If you need a higher LTV, and if accepting a shorter loan tenure (and higher instalments) is not manageable for you, the best alternative to get a higher LTV would be to lower the average age of the borrower. In other words, get a joint borrower who is younger to apply for the mortgage with you–for example, one or more of your children. However, for maximum reduction of borrowing age, the joint borrower should also be earning a healthy income, as the average borrower age is income-weighted.

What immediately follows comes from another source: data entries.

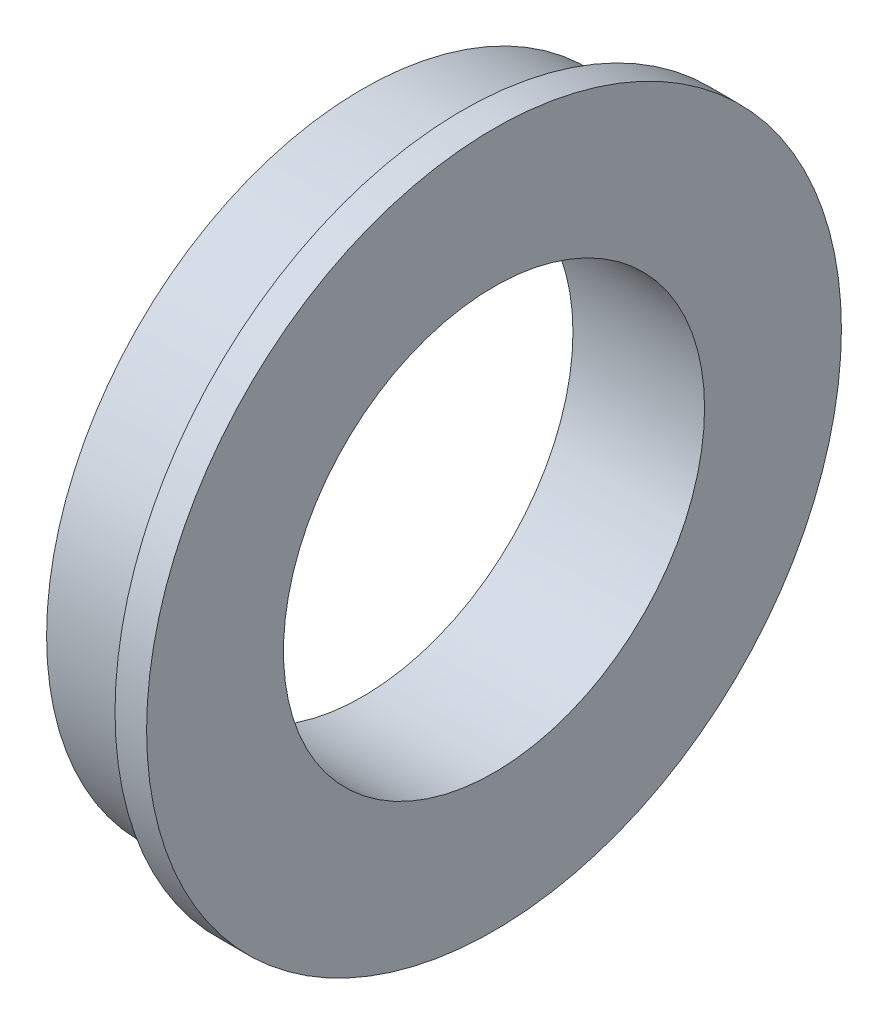
SolidWorks part; units mm, degrees
ref_plane "Front Plane" through (0, 0, 0) normal (0, 0, 1) x (1, 0, 0)
ref_plane "Top Plane" through (0, 0, 0) normal (0, 1, 0) x (1, 0, 0)
ref_plane "Right Plane" through (0, 0, 0) normal (1, 0, 0) x (0, 0, -1)
sketch "草图1" plane through (0, 0, 0) normal (1, 0, 0) x (0, 0, -1)
  circle A0 centre (0, 0) radius 4
  circle A1 centre (0, 0) radius 6.6
  dimension "D1" = 8
  dimension "D2" = 13.2
extrude "凸台-拉伸1" add sketch "草图1" along normal blind 2.5
sketch "草图2" plane through (0, 0, 0) normal (-1, 0, 0) x (0, 0, 1)
  circle A0 centre (0, 0) radius 6
  circle A1 centre (0, 0) radius 8.1125
  dimension "D1" = 12
extrude "切除-拉伸1" cut sketch "草图2" against normal blind 1.9
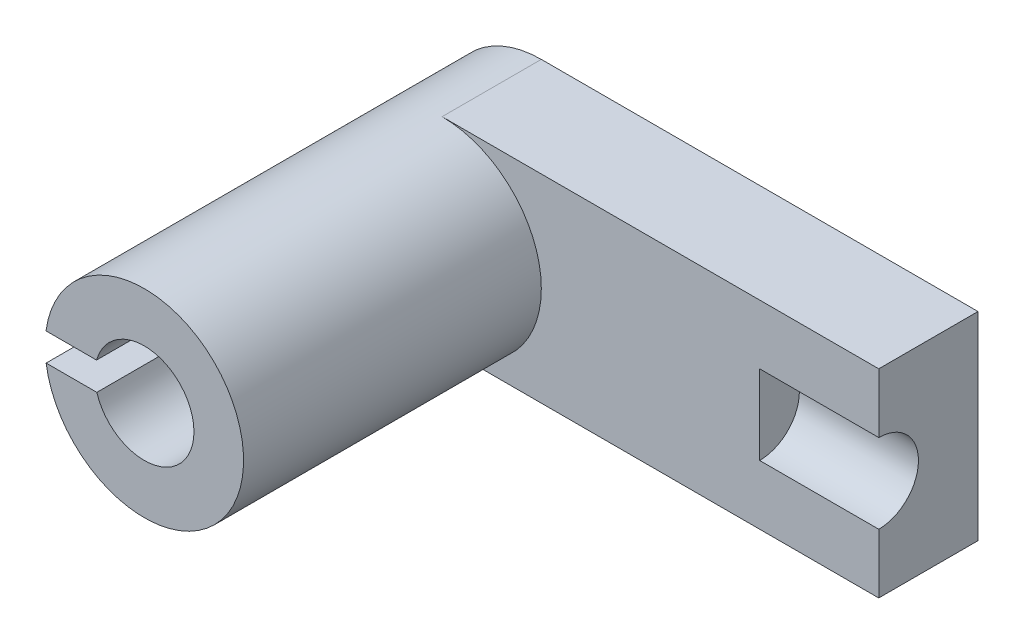
SolidWorks part; units mm, degrees
ref_plane "Front Plane" through (0, 0, 0) normal (1, 0, 0) x (0, 1, 0)
ref_plane "Top Plane" through (0, 0, 0) normal (0, 0, 1) x (0, 1, 0)
ref_plane "Right Plane" through (0, 0, 0) normal (0, 1, 0) x (-1, 0, 0)
sketch "Sketch1" plane through (0, 0, 0) normal (1, 0, 0) x (0, 1, 0)
  line L0 (-92.7928, 0) -> (90.3153, 0) construction
  line L1 (0, 84.1216) -> (0, -87.2748) construction
  line L2 (-10, 12.5) -> (-25, 12.5)
  line L3 (25, -12.5) -> (-25, -12.5)
  line L4 (25, -12.5) -> (25, 12.5)
  line L5 (25, 12.5) -> (10, 12.5)
  line L6 (-25, -12.5) -> (-25, 12.5)
  line L7 (25, -12.5) -> (-25, 12.5) construction
  line L8 (25, 12.5) -> (-25, -12.5) construction
  line L9 (-10, 12.5) -> (10, 12.5)
  arc A0 (-10, 12.5) -> (10, 12.5) centre (0, 12.5) ccw
  point P5 (0, 0)
  point P13 (0, 0)
  dimension "D3" = 10
  dimension "D1" = 25
  dimension "D2" = 50
extrude "Boss-Extrude1" add sketch "Sketch1" against normal blind 110 contours A0 L5 L6 L3 L4 | L5 A0
sketch "Sketch4" plane through (0, 0, 0) normal (1, 0, 0) x (0, 1, 0)
  line L0 (25, 12.5) -> (-25, 12.5) construction
  line L1 (-10, 12.5) -> (10, 12.5)
  arc A0 (-10, 12.5) -> (10, 12.5) centre (0, 12.5) ccw
  dimension "D1" = 10
extrude "Cut-Extrude1" cut sketch "Sketch4" against normal blind 30 and the other way through all
sketch "Sketch5" plane through (0, 0, -12.5) normal (0, 0, -1) x (1, 0, 0)
  line L0 (-110, -25) -> (-110, 25) construction
  circle A0 centre (-110, 0) radius 25
  circle A1 centre (-110, 0) radius 12.5
  dimension "D1" = 25
extrude "Boss-Extrude2" add sketch "Sketch5" against normal blind 100
sketch "Sketch6" plane through (0, 0, 87.5) normal (0, 0, 1) x (1, 0, 0)
  line L0 (-110, -3.6171) -> (-110, 3.3829)
  line L1 (-110, 12.5) -> (-110, -12.5) construction
  line L2 (-110, 3.3829) -> (-142.2039, 3.3829)
  line L3 (-142.2039, 3.3829) -> (-142.2039, -3.6171)
  line L4 (-142.2039, -3.6171) -> (-110, -3.6171)
  point P5 (-110, -0.1171)
extrude "Cut-Extrude2" cut sketch "Sketch6" against normal through all both and the other way through all
sketch "Sketch7" plane through (0, 0, 87.5) normal (0, 0, 1) x (1, 0, 0)
  line L0 (-110, 12.5) -> (-110, -12.5) construction
  circle A0 centre (-110, 0) radius 12.5
extrude "Cut-Extrude3" cut sketch "Sketch7" against normal through all both and the other way through all

Do note also that a joint borrower also has to be a joint mortgagor, i.e. he has to be a joint owner of the house too, so this avenue will not be available for you if your prospective joint borrower is not someone whose name you are willing to also have on your title deed.
Downsizing Your Property Isn’t Always Bad, Sometimes It Is Even The Wiser Thing To Do
"Downsizing" is a word often perceived negatively among Singaporeans, since it is associated with taking a step backwards on the Singaporean dream of upgrading to bigger or more expensive properties over time. However, downsizing for the right reasons is actually right-sizing, and is a smart and savvy move you should be proud of, because you’re making prudent choices to keep your finances in good health.
So downsize with confidence! We are confident that with the resources available on PropertyGuru, the free and personalised support from our Home Finance Advisors and your own efforts, your next property will be perfect for your needs.